Un vino mentale, non immediato. Lo assaggi la prima volta e pensi – ma che diavolo sto bevendo?! – E poi – aspetta, aspetta fammelo risentire! – infine non ne scordi il timbro, l’incisività, il non essere uguale a nessun altro, difficilmente classificabile, non omologato.
Io l’ho bevuto con del salmone affumicato e caprino, buonissimo.
Sono certo che chi lo ha incrociato e ne è rimasto in qualche modo affascinato, se l’è messo in cantina e non esita a ordinarlo quando (raramente) lo trova in carta al ristorante.
Va semplicemente approcciato a mente aperta e ben disposta per capirlo, perchè alcuni difetti sono sulla sottile linea che li separa dai pregi. E lo rendono unico.

Giovanni Almondo – Roero 2010

Domenico Almondo non sbaglia un colpo!
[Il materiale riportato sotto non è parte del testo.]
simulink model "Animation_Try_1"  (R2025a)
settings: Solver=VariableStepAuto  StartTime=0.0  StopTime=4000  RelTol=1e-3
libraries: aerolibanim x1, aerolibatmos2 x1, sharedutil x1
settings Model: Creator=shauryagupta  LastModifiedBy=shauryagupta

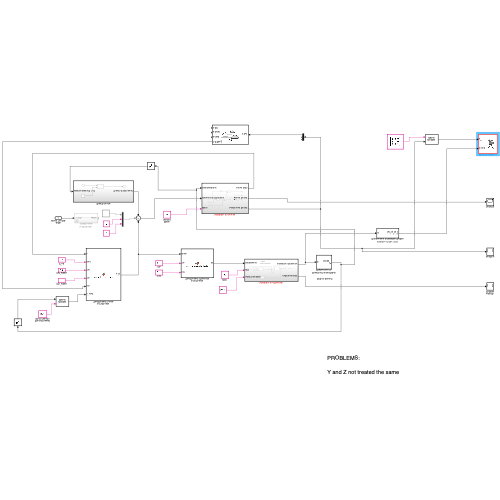
[thumbnail: Simulink's stored preview of the top-level diagram]
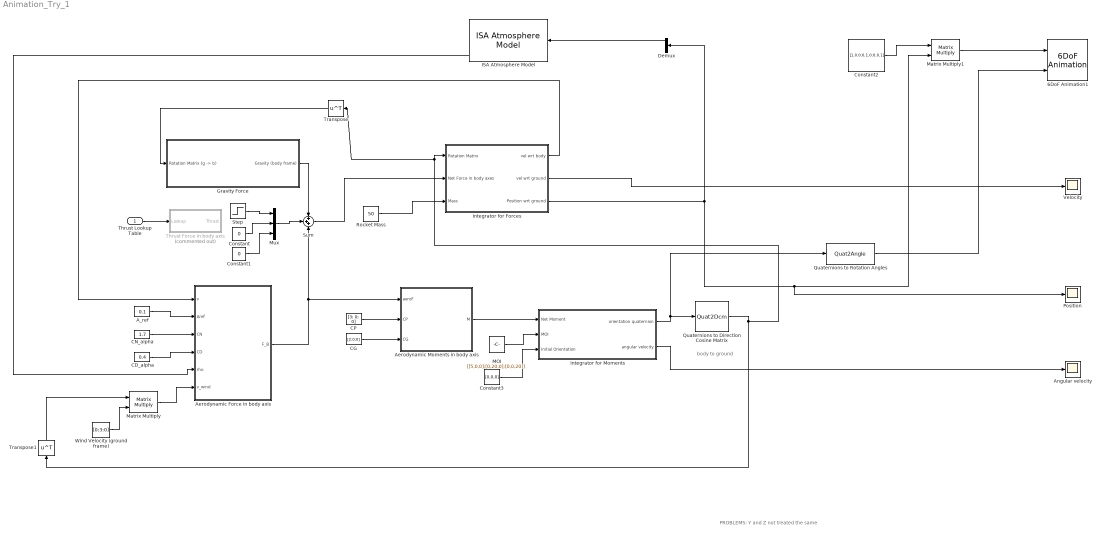
== system Animation_Try_1 ==
  note: PROBLEMS:
      |
      | Y and Z not treated the same
  note: body to ground
  Thrust Lookup Table : Inport
  6DoF Animation1 : aerolibanim/6DoF Animation  u1=[0 4000 -2000 2000 -5000 -3000]  u2=0.2  u3=100  u4=[4000 0 -5000]  u5=Fly alongside  u6=[2000 500 -3150]  u7=7  u8=on
  A_ref : Constant  Value=0.1
  Aerodynamic Force in body axis : MATLAB Function  TreatAsAtomicUnit=on
  Aerodynamic Moments in body axis : MATLAB Function  TreatAsAtomicUnit=on
  Angular velocity : Scope
      settings: ActiveDisplayYMinimum=-0.27819491647133165  ActiveDisplayYMaximum=0.29194633809320797  DataLoggingVariableName=ScopeData2
  CD_alpha : Constant  Value=0.4
  CG : Constant  Value=[2;0;0]  VectorParams1D=off
  CN_alpha : Constant  Value=1.7
  CP : Constant  Value=[3; 0; 0]
  Constant : Constant  Value=0
  Constant1 : Constant  Value=0
  Constant2 : Constant  Value=[1,0,0;0,1,0;0,0,1]
  Constant3 : Constant  Value=[0,0,0]
  Demux : Demux  Outputs=3
  Gravity Force : Subsystem
  ISA Atmosphere Model : aerolibatmos2/ISA Atmosphere Model  useExtended=off  action=None  custom=off  viscosityOut=off  g=9.80665  gamma=1.4  R=287.0531  L=0.0065  h_trop=11000  h_strat=20000  rho0=1.225  P0=101325  T0=288.15  h0=0  S=110.4  Tref=273.15  muref=1.716e-5
  Integrator for Forces : Subsystem
  Integrator for Moments : Subsystem
  MOI : Constant  Value=[[5,0,0];[0,20,0];[0,0,20]]
  Matrix Multiply : Product  Multiplication=Matrix(*)
  Matrix Multiply1 : Product  Multiplication=Matrix(*)
  Mux : Mux  Inputs=3
  Position : Scope
      settings: ActiveDisplayYMinimum=-9371.1645521574628  ActiveDisplayYMaximum=6479.3379800634129
  "Quaternions to Direction Cosine Matrix " : Quat2Dcm
  Quaternions to Rotation Angles : Quat2Angle  rotationOrder=XYZ
      settings: AttributesFormatString=Rotation Order: %<rotationOrder>
  Rocket Mass : Constant  Value=50
  Step : Step  Time=5  Before=4000  After=0  SampleTime=0
  Sum : Sum  Inputs=+++
  "Thrust Force in body axis " : Subsystem  Commented=on
  Transpose : Math  Operator=transpose
  Transpose1 : Math  Operator=transpose
  Velocity : Scope
      settings: ActiveDisplayYMinimum=-64.707758735669429  ActiveDisplayYMaximum=349.31979200881909
  Wind Velocity (ground frame) : Constant  Value=[0;3;0]
  wires:
  Sum/1 -> Integrator for Forces/2("Net Force in body axes ")
  CP/1 -> Aerodynamic Moments in body axis/2(CP)
  Transpose/1 -> Gravity Force/1("Rotation Matrix (g -> b) ")
  Wind Velocity (ground frame)/1 -> Matrix Multiply/2
  Thrust Lookup Table/1 -> "Thrust Force in body axis "/1(Lookup)
  Integrator for Moments/1(orientation quaternion) -> Quaternions to Rotation Angles/1, "Quaternions to Direction Cosine Matrix "/1
  Gravity Force/1(Gravity (body frame)) -> Sum/1
  Constant/1 -> Mux/2
  "Quaternions to Direction Cosine Matrix "/1 -> Transpose/1, Integrator for Forces/1(Rotation Matrix), Transpose1/1
  Rocket Mass/1 -> Integrator for Forces/3(Mass)
  Transpose1/1 -> Matrix Multiply/1
  Step/1 -> Mux/1
  Demux/1 -> ISA Atmosphere Model/1
  A_ref/1 -> Aerodynamic Force in body axis/2(Aref)
  Aerodynamic Force in body axis/1(F_B) -> Sum/3, Aerodynamic Moments in body axis/1(aeroF)
  Integrator for Moments/2(angular velocity) -> Angular velocity/1
  Constant1/1 -> Mux/3
  Integrator for Forces/2(vel wrt ground) -> Velocity/1
  Aerodynamic Moments in body axis/1(M) -> Integrator for Moments/1(Net Moment)
  CN_alpha/1 -> Aerodynamic Force in body axis/3(CN)
  MOI/1 -> Integrator for Moments/2(MOI)
  CG/1 -> Aerodynamic Moments in body axis/3(CG)
  Matrix Multiply/1 -> Aerodynamic Force in body axis/6(v_wind)
  CD_alpha/1 -> Aerodynamic Force in body axis/4(CD)
  Integrator for Forces/3(Position wrt ground) -> Matrix Multiply1/2, Position/1, Demux/1
  Mux/1 -> Sum/2
  Integrator for Forces/1(vel wrt body) -> Aerodynamic Force in body axis/1(v)
  ISA Atmosphere Model/4 -> Aerodynamic Force in body axis/5(rho)
  Quaternions to Rotation Angles/1 -> 6DoF Animation1/2
  Matrix Multiply1/1 -> 6DoF Animation1/1
  Constant2/1 -> Matrix Multiply1/1
  Constant3/1 -> Integrator for Moments/3(Initial Orientation)

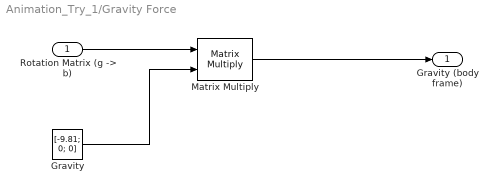
== system Animation_Try_1/Gravity Force ==
  "Rotation Matrix (g -> b) " : Inport
  Gravity : Constant  Value=[-9.81; 0; 0]
  Matrix Multiply : Product  Multiplication=Matrix(*)
  Gravity (body frame) : Outport
  wires:
  "Rotation Matrix (g -> b) "/1 -> Matrix Multiply/1
  Gravity/1 -> Matrix Multiply/2
  Matrix Multiply/1 -> Gravity (body frame)/1

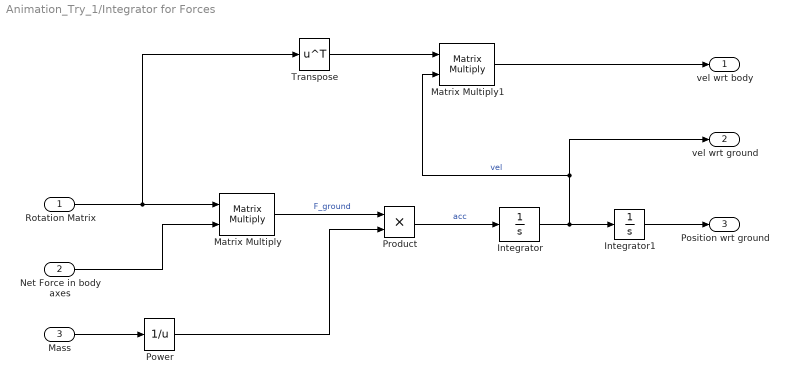
== system Animation_Try_1/Integrator for Forces ==
  Rotation Matrix : Inport
  "Net Force in body axes " : Inport  Port=2
  Mass : Inport  Port=3
  Integrator : Integrator  InitialCondition=[0; 0; 0]
  Integrator1 : Integrator  InitialCondition=[0; 0; 0]
  Matrix Multiply : Product  Multiplication=Matrix(*)
  Matrix Multiply1 : Product  Multiplication=Matrix(*)
  Power : Math  Operator=reciprocal
  Product : Product
  Transpose : Math  Operator=transpose
  vel wrt body : Outport
  vel wrt ground : Outport  Port=2
  Position wrt ground : Outport  Port=3
  wires:
  Rotation Matrix/1 -> Transpose/1, Matrix Multiply/1
  "Net Force in body axes "/1 -> Matrix Multiply/2
  Mass/1 -> Power/1
  Matrix Multiply/1 -> Product/1  "F_ground"
  Power/1 -> Product/2
  Product/1 -> Integrator/1  "acc"
  Integrator/1 -> Matrix Multiply1/2, vel wrt ground/1, Integrator1/1  "vel"
  Integrator1/1 -> Position wrt ground/1
  Transpose/1 -> Matrix Multiply1/1
  Matrix Multiply1/1 -> vel wrt body/1

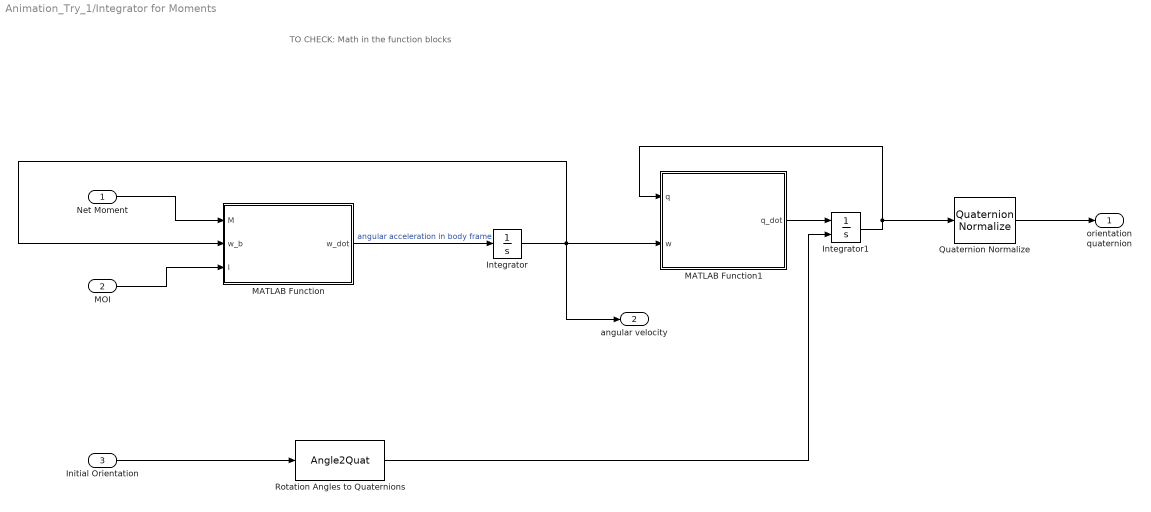
== system Animation_Try_1/Integrator for Moments ==
  note: TO CHECK:
      |
      | Math in the function blocks
  Net Moment : Inport
  MOI : Inport  Port=2
  Initial Orientation : Inport  Port=3
  Integrator : Integrator  InitialCondition=[0; 0; 0]
  Integrator1 : Integrator  InitialConditionSource=external  InitialCondition=[1; 0; 0; 0]  ContinuousStateAttributes='orientation'
  MATLAB Function : MATLAB Function  TreatAsAtomicUnit=on
  MATLAB Function1 : MATLAB Function  TreatAsAtomicUnit=on
  Quaternion Normalize : sharedutil/Quaternion Normalize  aMode=aMode
  Rotation Angles to Quaternions : Angle2Quat  rotationOrder=XYZ
      settings: AttributesFormatString=Rotation Order: %<rotationOrder>
  orientation quaternion : Outport
  angular velocity : Outport  Port=2
  wires:
  Net Moment/1 -> MATLAB Function/1(M)
  MOI/1 -> MATLAB Function/3(I)
  Integrator/1 -> MATLAB Function/2(w_b), MATLAB Function1/2(w), angular velocity/1
  MATLAB Function/1(w_dot) -> Integrator/1  "angular acceleration in body frame"
  MATLAB Function1/1(q_dot) -> Integrator1/1
  Integrator1/1 -> MATLAB Function1/1(q), Quaternion Normalize/1
  Quaternion Normalize/1 -> orientation quaternion/1
  Rotation Angles to Quaternions/1 -> Integrator1/2
  Initial Orientation/1 -> Rotation Angles to Quaternions/1

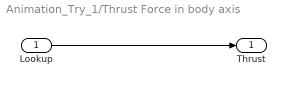
== system Animation_Try_1/Thrust Force in body axis  ==
  Lookup : Inport
  Thrust : Outport
  wires:
  Lookup/1 -> Thrust/1

== matlab function Animation_Try_1/Integrator for Moments/MATLAB Function ==
  data: M input; w_dot output; w_b input; I input
function w_dot = angular_vel(M, w_b, I)
%#codegen


angular_vel = I \ ( M - cross(w_b, I*w_b) );

w_dot = angular_vel;

if any(~isfinite(M))
    w_dot = [0;0;0];
    return
end

== matlab function Animation_Try_1/Aerodynamic Moments in body axis ==
  data: aeroF input; M output; CP input; CG input
function M = aero_moments_body(aeroF, CP, CG)
%#codegen
% CP, CG, Fb -> 3 X 1 vectors


r = CP - CG;

if norm(aeroF) < 1e-3
    M = [0; 0; 0];
else
    M = cross(r, aeroF);

end

== matlab function Animation_Try_1/Integrator for Moments/MATLAB Function1 ==
  data: q input; q_dot output; w input
function q_dot = quat_dot_from_omega(q, w)
% Inputs:
%   q : 4x1 quaternion [q0; q1; q2; q3]
%   w : 3x1 angular velocity [wx; wy; wz] (rad/s)
%
% Output:
%   q_dot : 4x1 quaternion derivative

wx = w(1);
wy = w(2);
wz = w(3);

Omega = [  0  -wx -wy -wz;
           wx   0  -wz  wy;
           wy   wz  0  -wx;
           wz  -wy  wx  0 ];

q_dot = 0.5 * Omega * q;
end

== matlab function Animation_Try_1/Aerodynamic Force in body axis ==
  data: v input; F_B output; Aref input; CN input; CD input; rho input; v_wind input
function F_B = aero_forces_body(v, Aref, CN, CD, rho, v_wind)
% ----------------------------------------------------
% Computes total aerodynamic force in BODY frame
%
% Inputs:
% vB   : 3x1 velocity vector in body frame [m/s]
% rho  : air density [kg/m^3]
% Aref : reference area [m^2]
% CN   : normal force coefficient
% CD   : drag coefficient
%
% Output:
% F_B  : 3x1 aerodynamic force vector in body frame [N]
% ----------------------------------------------------

% Unpack velocity

vB = v - v_wind;

vx = vB(1);
vy = vB(2);
vz = vB(3);


V = norm(vB);

% Guard against zero velocity
if V < 1e-3
    F_B = [0; 0; 0];
    return
end

% Dynamic pressure
q = 0.5 * rho * V^2;

% -------------------------
% Drag force (opposite wind)
% -------------------------
drag_dir = -vB / V;   % unit vector opposite rocket velocity
F_drag = CD * q * Aref * drag_dir;

F_normal = -CN * q * Aref * [0; vB(2); vB(3)] / V;

% -------------------------
% Total aerodynamic force
% -------------------------
F_B = F_drag + F_normal;

end

Da grande bianchista qual è, con quell’Arneis favoloso che risponde al nome di Bricco delle Ciliegie, ha costantemente alzato l’asticella qualitativa dell’intera gamma che comprende bianchi (due versioni di Arneis e 2500 bottiglie di un Riesling spettacolare) e grandi rossi: Barbera, Nebbiolo e tre differenti Roero.
Voglio raccontarvi del Roero 2010, bevuto a cena la scorsa settimana, perchè è un vino capace di raddrizzare una giornata storta.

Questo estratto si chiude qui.